Of the lines in the data below, write out exactly those from the one holding "#250=LINE('',#249,#248);" through the one holding "#267=ORIENTED_EDGE('',*,*,#266,.T.);", both included.

--- Input ---

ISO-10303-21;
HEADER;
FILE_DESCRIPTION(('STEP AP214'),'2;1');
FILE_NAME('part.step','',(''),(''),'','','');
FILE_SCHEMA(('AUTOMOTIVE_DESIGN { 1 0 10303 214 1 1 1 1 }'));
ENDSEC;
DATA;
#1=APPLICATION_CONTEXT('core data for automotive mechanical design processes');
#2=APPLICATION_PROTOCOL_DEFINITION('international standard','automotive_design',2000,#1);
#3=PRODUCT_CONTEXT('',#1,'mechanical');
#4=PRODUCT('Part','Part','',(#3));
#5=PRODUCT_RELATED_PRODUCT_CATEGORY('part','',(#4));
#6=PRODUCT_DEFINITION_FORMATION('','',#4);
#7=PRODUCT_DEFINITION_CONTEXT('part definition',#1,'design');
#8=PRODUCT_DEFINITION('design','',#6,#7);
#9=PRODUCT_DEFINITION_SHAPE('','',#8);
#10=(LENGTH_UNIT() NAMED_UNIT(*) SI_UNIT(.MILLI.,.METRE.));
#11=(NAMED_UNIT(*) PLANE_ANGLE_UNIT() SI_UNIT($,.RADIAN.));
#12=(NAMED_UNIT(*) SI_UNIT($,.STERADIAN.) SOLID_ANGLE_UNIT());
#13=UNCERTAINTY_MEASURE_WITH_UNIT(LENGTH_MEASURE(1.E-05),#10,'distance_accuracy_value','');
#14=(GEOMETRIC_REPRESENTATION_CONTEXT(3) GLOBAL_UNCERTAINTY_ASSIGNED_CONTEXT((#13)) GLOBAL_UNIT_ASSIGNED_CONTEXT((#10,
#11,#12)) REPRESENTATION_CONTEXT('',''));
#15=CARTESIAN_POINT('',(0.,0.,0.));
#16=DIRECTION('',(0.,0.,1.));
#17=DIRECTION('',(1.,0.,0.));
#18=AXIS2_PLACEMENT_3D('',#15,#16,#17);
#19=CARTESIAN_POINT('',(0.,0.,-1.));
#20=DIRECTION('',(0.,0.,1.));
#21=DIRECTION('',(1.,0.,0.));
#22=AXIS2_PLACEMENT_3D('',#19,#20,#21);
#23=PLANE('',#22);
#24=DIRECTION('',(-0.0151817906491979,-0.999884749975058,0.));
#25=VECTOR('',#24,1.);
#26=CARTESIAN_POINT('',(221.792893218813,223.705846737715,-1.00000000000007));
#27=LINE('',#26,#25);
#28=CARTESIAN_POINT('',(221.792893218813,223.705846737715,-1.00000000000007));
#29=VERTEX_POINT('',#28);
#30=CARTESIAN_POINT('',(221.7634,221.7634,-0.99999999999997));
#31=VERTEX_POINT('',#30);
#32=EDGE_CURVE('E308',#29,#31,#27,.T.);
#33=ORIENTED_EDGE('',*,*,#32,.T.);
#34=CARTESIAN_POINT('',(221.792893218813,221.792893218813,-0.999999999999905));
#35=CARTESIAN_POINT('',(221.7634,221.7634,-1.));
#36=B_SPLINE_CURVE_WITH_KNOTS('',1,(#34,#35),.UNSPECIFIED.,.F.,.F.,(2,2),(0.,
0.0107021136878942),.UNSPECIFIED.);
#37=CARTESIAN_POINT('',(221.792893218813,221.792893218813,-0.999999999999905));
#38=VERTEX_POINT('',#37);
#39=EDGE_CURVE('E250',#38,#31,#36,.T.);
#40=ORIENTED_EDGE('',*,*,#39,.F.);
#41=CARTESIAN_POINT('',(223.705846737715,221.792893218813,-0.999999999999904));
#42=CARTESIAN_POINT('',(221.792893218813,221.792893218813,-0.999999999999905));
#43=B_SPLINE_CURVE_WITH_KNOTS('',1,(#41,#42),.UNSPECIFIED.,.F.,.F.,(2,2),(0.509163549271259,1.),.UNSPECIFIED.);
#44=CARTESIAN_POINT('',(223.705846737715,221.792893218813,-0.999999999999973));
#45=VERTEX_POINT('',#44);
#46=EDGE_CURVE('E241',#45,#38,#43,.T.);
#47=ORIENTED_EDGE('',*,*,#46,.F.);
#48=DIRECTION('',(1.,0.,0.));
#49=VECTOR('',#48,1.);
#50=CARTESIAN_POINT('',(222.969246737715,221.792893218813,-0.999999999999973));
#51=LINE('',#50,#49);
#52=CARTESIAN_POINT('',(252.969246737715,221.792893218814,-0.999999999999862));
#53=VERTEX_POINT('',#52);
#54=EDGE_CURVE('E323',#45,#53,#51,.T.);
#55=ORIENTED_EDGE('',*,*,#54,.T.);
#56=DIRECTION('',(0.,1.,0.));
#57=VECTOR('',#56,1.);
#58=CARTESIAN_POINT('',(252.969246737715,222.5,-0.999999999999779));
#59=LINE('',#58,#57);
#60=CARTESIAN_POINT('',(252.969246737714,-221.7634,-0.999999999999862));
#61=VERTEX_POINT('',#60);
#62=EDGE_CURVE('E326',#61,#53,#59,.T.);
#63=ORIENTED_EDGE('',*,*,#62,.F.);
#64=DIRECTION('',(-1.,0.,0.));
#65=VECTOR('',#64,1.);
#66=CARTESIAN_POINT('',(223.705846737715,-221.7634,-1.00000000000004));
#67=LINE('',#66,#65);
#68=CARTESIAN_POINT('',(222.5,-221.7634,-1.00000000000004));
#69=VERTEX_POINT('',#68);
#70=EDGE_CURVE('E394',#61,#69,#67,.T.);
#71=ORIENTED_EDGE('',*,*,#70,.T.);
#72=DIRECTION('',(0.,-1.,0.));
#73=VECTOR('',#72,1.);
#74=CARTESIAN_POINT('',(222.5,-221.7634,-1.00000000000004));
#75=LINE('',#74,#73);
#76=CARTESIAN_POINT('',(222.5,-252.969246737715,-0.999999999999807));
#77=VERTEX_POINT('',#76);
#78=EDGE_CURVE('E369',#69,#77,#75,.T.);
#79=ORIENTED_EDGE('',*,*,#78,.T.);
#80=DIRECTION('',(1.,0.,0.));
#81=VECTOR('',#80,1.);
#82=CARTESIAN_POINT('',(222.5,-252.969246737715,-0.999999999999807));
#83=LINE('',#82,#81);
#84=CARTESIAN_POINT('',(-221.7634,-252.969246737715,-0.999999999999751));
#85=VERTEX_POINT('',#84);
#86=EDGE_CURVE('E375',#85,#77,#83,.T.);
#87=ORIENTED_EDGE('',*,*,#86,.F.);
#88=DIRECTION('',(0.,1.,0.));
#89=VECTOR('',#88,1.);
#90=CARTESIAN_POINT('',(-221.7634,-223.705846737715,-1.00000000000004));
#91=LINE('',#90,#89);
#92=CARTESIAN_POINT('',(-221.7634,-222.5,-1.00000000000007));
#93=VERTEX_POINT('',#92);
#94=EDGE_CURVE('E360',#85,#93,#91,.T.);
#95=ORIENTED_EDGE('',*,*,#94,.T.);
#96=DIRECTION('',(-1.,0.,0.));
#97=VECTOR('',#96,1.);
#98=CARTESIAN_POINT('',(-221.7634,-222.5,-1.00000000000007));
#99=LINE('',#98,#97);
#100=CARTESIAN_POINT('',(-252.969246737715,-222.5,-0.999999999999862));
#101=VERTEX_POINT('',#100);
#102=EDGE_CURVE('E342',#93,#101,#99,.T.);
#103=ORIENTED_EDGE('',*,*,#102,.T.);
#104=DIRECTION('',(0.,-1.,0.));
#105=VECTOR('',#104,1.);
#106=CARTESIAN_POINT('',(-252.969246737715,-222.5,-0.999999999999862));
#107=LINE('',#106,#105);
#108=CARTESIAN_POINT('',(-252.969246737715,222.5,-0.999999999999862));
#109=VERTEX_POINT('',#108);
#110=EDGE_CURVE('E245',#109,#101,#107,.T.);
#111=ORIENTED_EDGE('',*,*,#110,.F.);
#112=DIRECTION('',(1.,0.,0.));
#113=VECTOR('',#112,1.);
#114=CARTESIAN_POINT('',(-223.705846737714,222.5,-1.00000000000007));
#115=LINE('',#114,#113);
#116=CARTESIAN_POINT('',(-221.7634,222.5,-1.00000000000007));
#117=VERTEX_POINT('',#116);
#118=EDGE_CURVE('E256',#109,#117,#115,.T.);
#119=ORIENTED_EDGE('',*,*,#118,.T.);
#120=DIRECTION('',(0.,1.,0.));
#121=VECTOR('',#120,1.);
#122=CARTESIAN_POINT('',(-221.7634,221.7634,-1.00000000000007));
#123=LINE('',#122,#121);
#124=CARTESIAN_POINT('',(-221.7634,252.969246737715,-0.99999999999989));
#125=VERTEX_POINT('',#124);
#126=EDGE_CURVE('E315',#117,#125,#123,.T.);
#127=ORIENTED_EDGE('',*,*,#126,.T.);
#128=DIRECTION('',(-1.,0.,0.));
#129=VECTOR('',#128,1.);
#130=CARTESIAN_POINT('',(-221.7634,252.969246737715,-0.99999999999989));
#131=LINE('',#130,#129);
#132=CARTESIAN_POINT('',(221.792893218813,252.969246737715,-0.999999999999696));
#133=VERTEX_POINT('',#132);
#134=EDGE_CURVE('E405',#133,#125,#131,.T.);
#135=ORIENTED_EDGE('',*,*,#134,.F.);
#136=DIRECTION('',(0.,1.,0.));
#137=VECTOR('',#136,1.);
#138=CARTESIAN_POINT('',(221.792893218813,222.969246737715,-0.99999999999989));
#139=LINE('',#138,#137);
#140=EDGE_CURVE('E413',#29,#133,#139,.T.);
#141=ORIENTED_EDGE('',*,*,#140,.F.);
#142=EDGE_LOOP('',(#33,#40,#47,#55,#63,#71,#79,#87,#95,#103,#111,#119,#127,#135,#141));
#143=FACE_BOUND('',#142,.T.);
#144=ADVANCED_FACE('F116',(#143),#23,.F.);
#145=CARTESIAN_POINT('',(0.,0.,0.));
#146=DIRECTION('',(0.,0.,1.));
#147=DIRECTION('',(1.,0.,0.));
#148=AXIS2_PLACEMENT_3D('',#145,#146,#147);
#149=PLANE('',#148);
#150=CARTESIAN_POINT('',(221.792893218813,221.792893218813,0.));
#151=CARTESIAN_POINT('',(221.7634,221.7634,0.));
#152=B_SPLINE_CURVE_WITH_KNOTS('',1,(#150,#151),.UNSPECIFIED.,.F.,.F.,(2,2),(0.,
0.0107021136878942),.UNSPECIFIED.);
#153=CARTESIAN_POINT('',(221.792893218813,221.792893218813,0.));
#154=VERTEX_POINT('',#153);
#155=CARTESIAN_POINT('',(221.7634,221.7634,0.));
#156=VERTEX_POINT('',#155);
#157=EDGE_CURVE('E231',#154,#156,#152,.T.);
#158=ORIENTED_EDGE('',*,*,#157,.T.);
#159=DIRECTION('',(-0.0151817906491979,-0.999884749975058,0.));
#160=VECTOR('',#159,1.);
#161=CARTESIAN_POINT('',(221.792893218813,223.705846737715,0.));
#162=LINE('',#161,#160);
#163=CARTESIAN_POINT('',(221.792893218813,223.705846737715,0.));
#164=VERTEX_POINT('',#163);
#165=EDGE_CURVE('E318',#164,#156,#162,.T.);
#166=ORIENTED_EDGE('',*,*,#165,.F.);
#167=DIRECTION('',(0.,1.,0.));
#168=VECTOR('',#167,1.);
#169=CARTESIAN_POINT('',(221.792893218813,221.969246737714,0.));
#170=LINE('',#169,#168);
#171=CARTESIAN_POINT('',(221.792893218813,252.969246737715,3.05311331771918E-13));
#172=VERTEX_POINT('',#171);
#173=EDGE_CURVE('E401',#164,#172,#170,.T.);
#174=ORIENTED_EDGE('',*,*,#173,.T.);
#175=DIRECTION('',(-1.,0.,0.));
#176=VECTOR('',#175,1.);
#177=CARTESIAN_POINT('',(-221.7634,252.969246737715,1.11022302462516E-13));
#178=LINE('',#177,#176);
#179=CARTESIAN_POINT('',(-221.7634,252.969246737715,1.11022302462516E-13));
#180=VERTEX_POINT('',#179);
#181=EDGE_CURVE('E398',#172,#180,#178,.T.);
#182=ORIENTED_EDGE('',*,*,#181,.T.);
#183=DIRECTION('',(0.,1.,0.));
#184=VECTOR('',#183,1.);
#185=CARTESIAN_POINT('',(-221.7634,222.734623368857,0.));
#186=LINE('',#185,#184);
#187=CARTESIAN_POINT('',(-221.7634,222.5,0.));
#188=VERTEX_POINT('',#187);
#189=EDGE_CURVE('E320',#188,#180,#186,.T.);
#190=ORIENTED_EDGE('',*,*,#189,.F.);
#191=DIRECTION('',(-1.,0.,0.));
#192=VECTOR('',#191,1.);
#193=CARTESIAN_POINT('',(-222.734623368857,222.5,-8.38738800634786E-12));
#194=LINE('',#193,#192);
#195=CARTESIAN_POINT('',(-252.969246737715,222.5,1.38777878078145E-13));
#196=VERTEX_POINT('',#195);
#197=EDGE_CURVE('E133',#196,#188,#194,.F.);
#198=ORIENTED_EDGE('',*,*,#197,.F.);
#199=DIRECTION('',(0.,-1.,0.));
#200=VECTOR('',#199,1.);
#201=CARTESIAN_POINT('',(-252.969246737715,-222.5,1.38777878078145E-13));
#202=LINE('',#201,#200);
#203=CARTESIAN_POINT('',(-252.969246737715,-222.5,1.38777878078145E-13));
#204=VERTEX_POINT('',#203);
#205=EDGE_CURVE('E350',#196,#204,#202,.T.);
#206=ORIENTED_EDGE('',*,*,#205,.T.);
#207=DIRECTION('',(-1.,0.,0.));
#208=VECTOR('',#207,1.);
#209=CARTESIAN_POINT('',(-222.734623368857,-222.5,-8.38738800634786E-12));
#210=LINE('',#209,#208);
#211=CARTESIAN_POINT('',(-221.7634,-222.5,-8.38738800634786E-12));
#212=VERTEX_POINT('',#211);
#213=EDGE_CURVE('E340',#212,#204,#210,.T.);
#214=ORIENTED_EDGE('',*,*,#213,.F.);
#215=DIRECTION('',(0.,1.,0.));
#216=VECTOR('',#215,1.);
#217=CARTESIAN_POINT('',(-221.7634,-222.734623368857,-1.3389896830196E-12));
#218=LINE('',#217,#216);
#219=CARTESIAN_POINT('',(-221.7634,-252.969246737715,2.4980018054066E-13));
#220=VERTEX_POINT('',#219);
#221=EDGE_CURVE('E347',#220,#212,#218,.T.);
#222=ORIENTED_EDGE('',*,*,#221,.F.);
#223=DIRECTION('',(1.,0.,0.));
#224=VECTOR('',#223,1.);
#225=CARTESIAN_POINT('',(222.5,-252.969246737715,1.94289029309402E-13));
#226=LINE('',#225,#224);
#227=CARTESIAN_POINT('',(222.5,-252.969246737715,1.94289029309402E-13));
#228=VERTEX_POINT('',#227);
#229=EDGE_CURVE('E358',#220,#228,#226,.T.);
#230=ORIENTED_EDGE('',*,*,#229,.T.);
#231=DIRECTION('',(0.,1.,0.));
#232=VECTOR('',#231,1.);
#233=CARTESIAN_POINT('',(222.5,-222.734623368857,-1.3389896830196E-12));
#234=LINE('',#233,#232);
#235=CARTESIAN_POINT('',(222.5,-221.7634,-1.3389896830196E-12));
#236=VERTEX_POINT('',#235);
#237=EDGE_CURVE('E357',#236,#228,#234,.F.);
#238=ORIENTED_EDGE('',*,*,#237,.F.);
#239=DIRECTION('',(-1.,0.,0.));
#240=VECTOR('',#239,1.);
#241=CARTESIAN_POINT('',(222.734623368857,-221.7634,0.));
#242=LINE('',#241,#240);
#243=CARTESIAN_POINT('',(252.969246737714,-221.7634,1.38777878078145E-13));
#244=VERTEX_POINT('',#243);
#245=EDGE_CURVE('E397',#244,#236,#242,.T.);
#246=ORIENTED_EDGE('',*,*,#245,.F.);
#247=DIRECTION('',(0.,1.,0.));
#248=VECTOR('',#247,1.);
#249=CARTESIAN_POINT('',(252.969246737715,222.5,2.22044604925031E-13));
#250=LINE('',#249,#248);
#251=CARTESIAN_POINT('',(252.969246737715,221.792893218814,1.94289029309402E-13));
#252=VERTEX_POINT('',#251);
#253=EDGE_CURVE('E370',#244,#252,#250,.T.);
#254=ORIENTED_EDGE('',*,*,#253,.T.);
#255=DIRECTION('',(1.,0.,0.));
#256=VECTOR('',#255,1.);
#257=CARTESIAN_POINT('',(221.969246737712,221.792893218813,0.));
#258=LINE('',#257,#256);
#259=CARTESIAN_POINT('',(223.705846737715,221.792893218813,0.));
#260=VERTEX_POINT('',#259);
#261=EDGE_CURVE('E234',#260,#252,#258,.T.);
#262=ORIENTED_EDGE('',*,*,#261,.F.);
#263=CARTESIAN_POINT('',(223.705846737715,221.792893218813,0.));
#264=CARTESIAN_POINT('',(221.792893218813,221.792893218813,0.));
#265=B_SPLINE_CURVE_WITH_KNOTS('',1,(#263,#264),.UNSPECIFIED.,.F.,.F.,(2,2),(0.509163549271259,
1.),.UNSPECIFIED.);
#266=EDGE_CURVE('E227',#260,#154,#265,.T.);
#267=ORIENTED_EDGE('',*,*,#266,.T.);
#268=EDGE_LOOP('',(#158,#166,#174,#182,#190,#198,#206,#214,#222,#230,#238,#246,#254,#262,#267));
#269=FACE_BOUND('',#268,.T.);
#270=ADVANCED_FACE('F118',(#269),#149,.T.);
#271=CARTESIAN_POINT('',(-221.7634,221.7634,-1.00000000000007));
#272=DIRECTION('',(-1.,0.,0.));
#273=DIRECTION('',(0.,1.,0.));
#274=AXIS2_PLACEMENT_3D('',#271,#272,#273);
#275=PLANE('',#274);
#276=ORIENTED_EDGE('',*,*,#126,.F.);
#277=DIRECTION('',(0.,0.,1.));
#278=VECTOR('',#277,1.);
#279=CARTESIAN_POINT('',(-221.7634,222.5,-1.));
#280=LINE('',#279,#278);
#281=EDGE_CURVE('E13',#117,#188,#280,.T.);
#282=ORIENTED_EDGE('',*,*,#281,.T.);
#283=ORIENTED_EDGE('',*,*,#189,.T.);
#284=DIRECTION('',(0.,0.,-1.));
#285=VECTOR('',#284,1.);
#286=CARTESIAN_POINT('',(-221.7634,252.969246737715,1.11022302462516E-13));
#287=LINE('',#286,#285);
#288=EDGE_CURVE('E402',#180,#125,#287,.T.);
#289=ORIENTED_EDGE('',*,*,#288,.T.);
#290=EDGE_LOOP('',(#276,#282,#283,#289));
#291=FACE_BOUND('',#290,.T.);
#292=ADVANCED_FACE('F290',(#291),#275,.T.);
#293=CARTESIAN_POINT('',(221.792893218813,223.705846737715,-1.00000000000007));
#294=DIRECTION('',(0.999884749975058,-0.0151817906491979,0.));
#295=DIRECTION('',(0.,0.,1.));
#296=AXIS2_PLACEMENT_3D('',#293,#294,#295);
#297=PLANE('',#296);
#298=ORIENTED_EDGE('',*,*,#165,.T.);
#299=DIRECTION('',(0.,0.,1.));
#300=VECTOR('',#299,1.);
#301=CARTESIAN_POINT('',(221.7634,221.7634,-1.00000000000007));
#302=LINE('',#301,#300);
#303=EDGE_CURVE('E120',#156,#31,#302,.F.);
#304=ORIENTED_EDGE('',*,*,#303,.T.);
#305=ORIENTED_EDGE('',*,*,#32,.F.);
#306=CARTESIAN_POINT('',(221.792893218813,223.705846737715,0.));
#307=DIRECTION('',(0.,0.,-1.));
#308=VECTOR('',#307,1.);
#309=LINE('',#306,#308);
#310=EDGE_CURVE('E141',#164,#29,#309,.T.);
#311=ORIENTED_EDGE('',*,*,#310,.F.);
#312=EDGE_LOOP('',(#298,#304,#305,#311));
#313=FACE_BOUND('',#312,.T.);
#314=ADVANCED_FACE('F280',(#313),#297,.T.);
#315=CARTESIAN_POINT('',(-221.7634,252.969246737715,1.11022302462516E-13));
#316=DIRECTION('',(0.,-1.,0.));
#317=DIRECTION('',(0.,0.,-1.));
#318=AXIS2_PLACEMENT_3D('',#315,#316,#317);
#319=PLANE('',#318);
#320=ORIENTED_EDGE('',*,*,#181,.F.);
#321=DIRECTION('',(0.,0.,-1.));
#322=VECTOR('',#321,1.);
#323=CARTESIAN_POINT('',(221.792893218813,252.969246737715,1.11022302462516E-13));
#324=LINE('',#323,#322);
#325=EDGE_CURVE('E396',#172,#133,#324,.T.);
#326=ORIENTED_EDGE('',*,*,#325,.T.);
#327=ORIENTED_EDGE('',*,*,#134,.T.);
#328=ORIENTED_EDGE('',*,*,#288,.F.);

---

[Finished task]:
#250=LINE('',#249,#248);
#251=CARTESIAN_POINT('',(252.969246737715,221.792893218814,1.94289029309402E-13));
#252=VERTEX_POINT('',#251);
#253=EDGE_CURVE('E370',#244,#252,#250,.T.);
#254=ORIENTED_EDGE('',*,*,#253,.T.);
#255=DIRECTION('',(1.,0.,0.));
#256=VECTOR('',#255,1.);
#257=CARTESIAN_POINT('',(221.969246737712,221.792893218813,0.));
#258=LINE('',#257,#256);
#259=CARTESIAN_POINT('',(223.705846737715,221.792893218813,0.));
#260=VERTEX_POINT('',#259);
#261=EDGE_CURVE('E234',#260,#252,#258,.T.);
#262=ORIENTED_EDGE('',*,*,#261,.F.);
#263=CARTESIAN_POINT('',(223.705846737715,221.792893218813,0.));
#264=CARTESIAN_POINT('',(221.792893218813,221.792893218813,0.));
#265=B_SPLINE_CURVE_WITH_KNOTS('',1,(#263,#264),.UNSPECIFIED.,.F.,.F.,(2,2),(0.509163549271259,
1.),.UNSPECIFIED.);
#266=EDGE_CURVE('E227',#260,#154,#265,.T.);
#267=ORIENTED_EDGE('',*,*,#266,.T.);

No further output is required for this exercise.